======== Given information ========
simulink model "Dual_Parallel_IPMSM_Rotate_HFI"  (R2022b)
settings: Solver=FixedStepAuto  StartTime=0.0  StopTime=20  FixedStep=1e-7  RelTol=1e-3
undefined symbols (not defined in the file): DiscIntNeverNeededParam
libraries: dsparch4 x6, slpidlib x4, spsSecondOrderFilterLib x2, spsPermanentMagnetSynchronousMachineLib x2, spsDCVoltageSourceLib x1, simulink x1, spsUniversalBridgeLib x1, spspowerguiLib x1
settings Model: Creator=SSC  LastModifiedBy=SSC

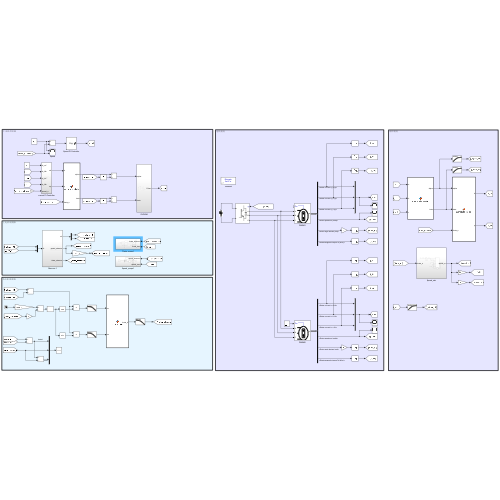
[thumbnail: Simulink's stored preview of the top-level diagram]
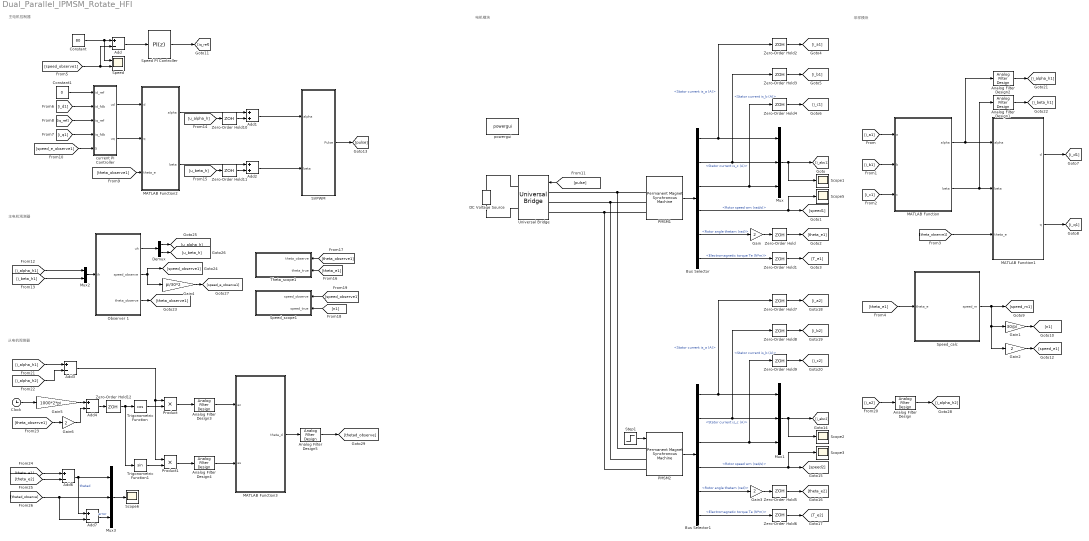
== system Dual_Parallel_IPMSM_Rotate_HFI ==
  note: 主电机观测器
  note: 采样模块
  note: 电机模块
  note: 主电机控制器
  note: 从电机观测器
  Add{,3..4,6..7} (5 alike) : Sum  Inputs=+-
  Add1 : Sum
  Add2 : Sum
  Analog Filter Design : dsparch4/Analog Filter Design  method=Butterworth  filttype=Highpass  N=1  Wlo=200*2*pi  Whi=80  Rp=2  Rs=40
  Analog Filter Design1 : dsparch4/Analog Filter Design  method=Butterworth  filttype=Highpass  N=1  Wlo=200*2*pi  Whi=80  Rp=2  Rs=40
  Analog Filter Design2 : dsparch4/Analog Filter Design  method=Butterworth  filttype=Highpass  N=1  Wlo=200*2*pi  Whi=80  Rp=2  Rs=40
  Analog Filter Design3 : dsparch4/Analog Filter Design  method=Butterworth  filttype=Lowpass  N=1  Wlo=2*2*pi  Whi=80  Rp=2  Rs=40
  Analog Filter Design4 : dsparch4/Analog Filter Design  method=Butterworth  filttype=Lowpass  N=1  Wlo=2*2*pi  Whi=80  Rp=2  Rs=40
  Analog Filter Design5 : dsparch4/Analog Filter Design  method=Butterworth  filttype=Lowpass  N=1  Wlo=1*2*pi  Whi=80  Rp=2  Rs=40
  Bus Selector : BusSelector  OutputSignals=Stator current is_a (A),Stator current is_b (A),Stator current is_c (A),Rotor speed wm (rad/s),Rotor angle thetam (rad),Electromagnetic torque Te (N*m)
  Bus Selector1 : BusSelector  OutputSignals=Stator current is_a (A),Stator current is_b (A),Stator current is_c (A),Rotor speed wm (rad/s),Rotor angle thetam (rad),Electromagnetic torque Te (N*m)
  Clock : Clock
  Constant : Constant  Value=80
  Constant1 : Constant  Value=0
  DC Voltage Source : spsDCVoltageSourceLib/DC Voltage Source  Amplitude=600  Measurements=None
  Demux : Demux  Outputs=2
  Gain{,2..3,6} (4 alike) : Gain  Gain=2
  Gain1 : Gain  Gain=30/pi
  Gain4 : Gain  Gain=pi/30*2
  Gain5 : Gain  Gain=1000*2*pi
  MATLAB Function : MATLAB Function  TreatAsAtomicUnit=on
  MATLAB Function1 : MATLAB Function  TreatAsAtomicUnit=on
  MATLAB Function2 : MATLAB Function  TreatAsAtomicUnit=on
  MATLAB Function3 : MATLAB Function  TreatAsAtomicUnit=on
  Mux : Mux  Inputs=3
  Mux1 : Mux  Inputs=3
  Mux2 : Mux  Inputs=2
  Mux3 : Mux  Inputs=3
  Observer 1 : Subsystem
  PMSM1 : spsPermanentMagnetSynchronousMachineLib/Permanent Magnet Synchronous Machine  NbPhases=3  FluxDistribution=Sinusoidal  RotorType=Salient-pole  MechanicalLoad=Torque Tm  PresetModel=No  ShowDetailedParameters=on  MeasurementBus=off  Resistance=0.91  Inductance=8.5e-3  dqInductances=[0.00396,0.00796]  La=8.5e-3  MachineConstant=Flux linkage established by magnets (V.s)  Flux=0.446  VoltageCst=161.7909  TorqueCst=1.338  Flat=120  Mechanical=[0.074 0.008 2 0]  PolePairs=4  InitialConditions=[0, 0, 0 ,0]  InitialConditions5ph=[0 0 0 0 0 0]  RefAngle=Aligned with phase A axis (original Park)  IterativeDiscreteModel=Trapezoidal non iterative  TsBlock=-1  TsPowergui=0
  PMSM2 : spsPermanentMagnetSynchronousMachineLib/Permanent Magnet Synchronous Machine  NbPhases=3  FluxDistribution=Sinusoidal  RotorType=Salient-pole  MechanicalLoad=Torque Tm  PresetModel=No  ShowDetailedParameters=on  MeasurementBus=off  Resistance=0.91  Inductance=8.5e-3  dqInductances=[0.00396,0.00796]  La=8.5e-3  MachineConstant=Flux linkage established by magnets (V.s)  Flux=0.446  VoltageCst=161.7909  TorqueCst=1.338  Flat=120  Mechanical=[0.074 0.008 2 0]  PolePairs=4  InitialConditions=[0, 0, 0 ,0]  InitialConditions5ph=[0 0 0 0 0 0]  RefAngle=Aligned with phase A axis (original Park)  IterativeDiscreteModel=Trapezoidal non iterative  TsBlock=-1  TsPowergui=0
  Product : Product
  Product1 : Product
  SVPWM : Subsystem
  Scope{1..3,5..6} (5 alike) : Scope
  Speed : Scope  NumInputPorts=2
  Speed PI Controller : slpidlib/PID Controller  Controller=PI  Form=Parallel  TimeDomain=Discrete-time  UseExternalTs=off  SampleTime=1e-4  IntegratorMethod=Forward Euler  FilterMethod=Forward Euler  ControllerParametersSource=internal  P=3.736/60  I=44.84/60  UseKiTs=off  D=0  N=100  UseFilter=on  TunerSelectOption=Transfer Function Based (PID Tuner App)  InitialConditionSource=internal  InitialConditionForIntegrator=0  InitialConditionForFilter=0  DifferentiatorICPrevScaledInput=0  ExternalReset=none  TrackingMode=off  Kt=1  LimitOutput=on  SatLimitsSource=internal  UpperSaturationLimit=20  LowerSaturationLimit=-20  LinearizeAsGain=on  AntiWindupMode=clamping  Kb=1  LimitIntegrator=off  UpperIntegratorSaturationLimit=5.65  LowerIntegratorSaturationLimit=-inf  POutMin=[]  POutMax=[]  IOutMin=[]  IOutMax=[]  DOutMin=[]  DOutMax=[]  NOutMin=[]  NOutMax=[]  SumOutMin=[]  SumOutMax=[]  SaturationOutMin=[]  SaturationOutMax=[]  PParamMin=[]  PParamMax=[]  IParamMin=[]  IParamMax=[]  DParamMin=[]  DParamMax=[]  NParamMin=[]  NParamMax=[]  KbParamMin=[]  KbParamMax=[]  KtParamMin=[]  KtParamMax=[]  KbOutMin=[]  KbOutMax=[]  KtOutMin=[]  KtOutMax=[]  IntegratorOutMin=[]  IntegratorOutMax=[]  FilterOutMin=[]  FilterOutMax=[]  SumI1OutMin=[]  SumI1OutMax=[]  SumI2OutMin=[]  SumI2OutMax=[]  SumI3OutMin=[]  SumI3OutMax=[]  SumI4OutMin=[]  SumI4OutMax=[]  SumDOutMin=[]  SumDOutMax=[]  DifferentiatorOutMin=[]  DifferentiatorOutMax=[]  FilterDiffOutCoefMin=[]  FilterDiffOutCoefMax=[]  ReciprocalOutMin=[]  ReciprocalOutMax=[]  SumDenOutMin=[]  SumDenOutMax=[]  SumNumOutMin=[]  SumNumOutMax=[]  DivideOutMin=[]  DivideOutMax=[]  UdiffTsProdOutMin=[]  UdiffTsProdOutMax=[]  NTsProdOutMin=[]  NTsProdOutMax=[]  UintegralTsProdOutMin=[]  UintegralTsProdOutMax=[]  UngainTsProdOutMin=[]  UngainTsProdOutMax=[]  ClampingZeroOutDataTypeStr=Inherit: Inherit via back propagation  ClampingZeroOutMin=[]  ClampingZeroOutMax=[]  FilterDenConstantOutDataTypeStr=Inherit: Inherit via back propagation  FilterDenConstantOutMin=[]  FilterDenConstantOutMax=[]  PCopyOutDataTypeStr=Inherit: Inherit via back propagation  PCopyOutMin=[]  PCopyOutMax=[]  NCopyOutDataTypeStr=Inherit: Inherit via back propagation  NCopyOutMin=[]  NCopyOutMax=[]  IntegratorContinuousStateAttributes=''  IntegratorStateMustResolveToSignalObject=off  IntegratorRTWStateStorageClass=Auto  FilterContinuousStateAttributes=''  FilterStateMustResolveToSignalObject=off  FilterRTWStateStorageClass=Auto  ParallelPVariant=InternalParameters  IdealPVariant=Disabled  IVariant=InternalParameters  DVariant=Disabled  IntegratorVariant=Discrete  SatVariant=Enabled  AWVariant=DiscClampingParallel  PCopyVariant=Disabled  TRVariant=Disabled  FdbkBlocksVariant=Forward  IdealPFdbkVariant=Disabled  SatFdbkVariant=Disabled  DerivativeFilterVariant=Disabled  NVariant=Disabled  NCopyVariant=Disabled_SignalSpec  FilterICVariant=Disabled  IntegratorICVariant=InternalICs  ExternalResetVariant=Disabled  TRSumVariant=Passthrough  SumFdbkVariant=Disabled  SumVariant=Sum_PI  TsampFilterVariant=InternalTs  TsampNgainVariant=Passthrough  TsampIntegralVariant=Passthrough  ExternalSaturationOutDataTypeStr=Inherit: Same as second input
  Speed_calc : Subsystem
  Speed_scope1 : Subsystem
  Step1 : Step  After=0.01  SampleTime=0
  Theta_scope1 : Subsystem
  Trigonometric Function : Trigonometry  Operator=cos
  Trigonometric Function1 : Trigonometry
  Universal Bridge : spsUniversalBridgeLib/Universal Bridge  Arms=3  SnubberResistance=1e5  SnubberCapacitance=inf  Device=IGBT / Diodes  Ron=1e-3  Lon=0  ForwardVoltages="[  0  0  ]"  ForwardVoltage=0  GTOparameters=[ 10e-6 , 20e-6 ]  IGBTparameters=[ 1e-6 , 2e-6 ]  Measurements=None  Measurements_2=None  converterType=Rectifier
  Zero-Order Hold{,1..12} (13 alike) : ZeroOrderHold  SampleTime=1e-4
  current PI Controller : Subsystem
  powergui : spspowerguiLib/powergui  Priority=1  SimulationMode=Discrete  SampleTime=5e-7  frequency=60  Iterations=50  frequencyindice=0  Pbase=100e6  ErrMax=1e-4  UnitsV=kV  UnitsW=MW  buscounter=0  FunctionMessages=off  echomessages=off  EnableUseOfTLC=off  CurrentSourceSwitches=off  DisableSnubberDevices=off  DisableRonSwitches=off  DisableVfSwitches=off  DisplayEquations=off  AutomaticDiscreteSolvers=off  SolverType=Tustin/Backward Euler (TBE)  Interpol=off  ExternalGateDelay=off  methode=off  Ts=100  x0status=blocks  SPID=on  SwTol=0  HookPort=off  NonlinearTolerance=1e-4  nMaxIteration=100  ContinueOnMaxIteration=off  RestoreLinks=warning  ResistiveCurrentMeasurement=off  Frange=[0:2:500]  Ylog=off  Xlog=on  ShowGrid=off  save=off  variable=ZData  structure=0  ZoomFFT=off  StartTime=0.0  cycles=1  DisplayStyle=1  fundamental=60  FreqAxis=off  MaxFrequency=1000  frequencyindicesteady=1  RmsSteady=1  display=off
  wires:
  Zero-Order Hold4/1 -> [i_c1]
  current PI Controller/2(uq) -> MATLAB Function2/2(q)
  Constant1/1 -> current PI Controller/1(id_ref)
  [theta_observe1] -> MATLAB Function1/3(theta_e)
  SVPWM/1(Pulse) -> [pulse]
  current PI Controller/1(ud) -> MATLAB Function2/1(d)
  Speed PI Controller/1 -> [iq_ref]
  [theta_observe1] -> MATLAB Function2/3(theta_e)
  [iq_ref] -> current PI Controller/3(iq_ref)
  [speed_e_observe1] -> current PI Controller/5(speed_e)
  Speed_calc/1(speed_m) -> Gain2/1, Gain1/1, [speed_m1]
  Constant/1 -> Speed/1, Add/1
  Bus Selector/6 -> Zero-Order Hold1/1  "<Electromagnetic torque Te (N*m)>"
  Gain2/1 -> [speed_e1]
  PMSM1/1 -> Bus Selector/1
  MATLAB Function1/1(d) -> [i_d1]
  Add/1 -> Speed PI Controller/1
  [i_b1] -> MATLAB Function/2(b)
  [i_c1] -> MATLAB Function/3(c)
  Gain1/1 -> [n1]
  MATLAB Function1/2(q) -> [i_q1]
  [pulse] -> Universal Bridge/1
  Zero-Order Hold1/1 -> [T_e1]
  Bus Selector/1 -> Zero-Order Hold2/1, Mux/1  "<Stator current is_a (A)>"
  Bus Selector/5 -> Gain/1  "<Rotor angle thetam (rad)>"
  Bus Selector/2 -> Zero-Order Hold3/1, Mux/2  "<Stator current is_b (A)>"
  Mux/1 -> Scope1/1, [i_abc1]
========
[Assignment]:
Your answer should be the lines from the one containing "[theta_observe1] -> MATLAB Function1/3(theta_e)" through the end of the records, both included, output exactly and with nothing added.

[Task result]:
  [theta_observe1] -> MATLAB Function1/3(theta_e)
  SVPWM/1(Pulse) -> [pulse]
  current PI Controller/1(ud) -> MATLAB Function2/1(d)
  Speed PI Controller/1 -> [iq_ref]
  [theta_observe1] -> MATLAB Function2/3(theta_e)
  [iq_ref] -> current PI Controller/3(iq_ref)
  [speed_e_observe1] -> current PI Controller/5(speed_e)
  Speed_calc/1(speed_m) -> Gain2/1, Gain1/1, [speed_m1]
  Constant/1 -> Speed/1, Add/1
  Bus Selector/6 -> Zero-Order Hold1/1  "<Electromagnetic torque Te (N*m)>"
  Gain2/1 -> [speed_e1]
  PMSM1/1 -> Bus Selector/1
  MATLAB Function1/1(d) -> [i_d1]
  Add/1 -> Speed PI Controller/1
  [i_b1] -> MATLAB Function/2(b)
  [i_c1] -> MATLAB Function/3(c)
  Gain1/1 -> [n1]
  MATLAB Function1/2(q) -> [i_q1]
  [pulse] -> Universal Bridge/1
  Zero-Order Hold1/1 -> [T_e1]
  Bus Selector/1 -> Zero-Order Hold2/1, Mux/1  "<Stator current is_a (A)>"
  Bus Selector/5 -> Gain/1  "<Rotor angle thetam (rad)>"
  Bus Selector/2 -> Zero-Order Hold3/1, Mux/2  "<Stator current is_b (A)>"
  Mux/1 -> Scope1/1, [i_abc1]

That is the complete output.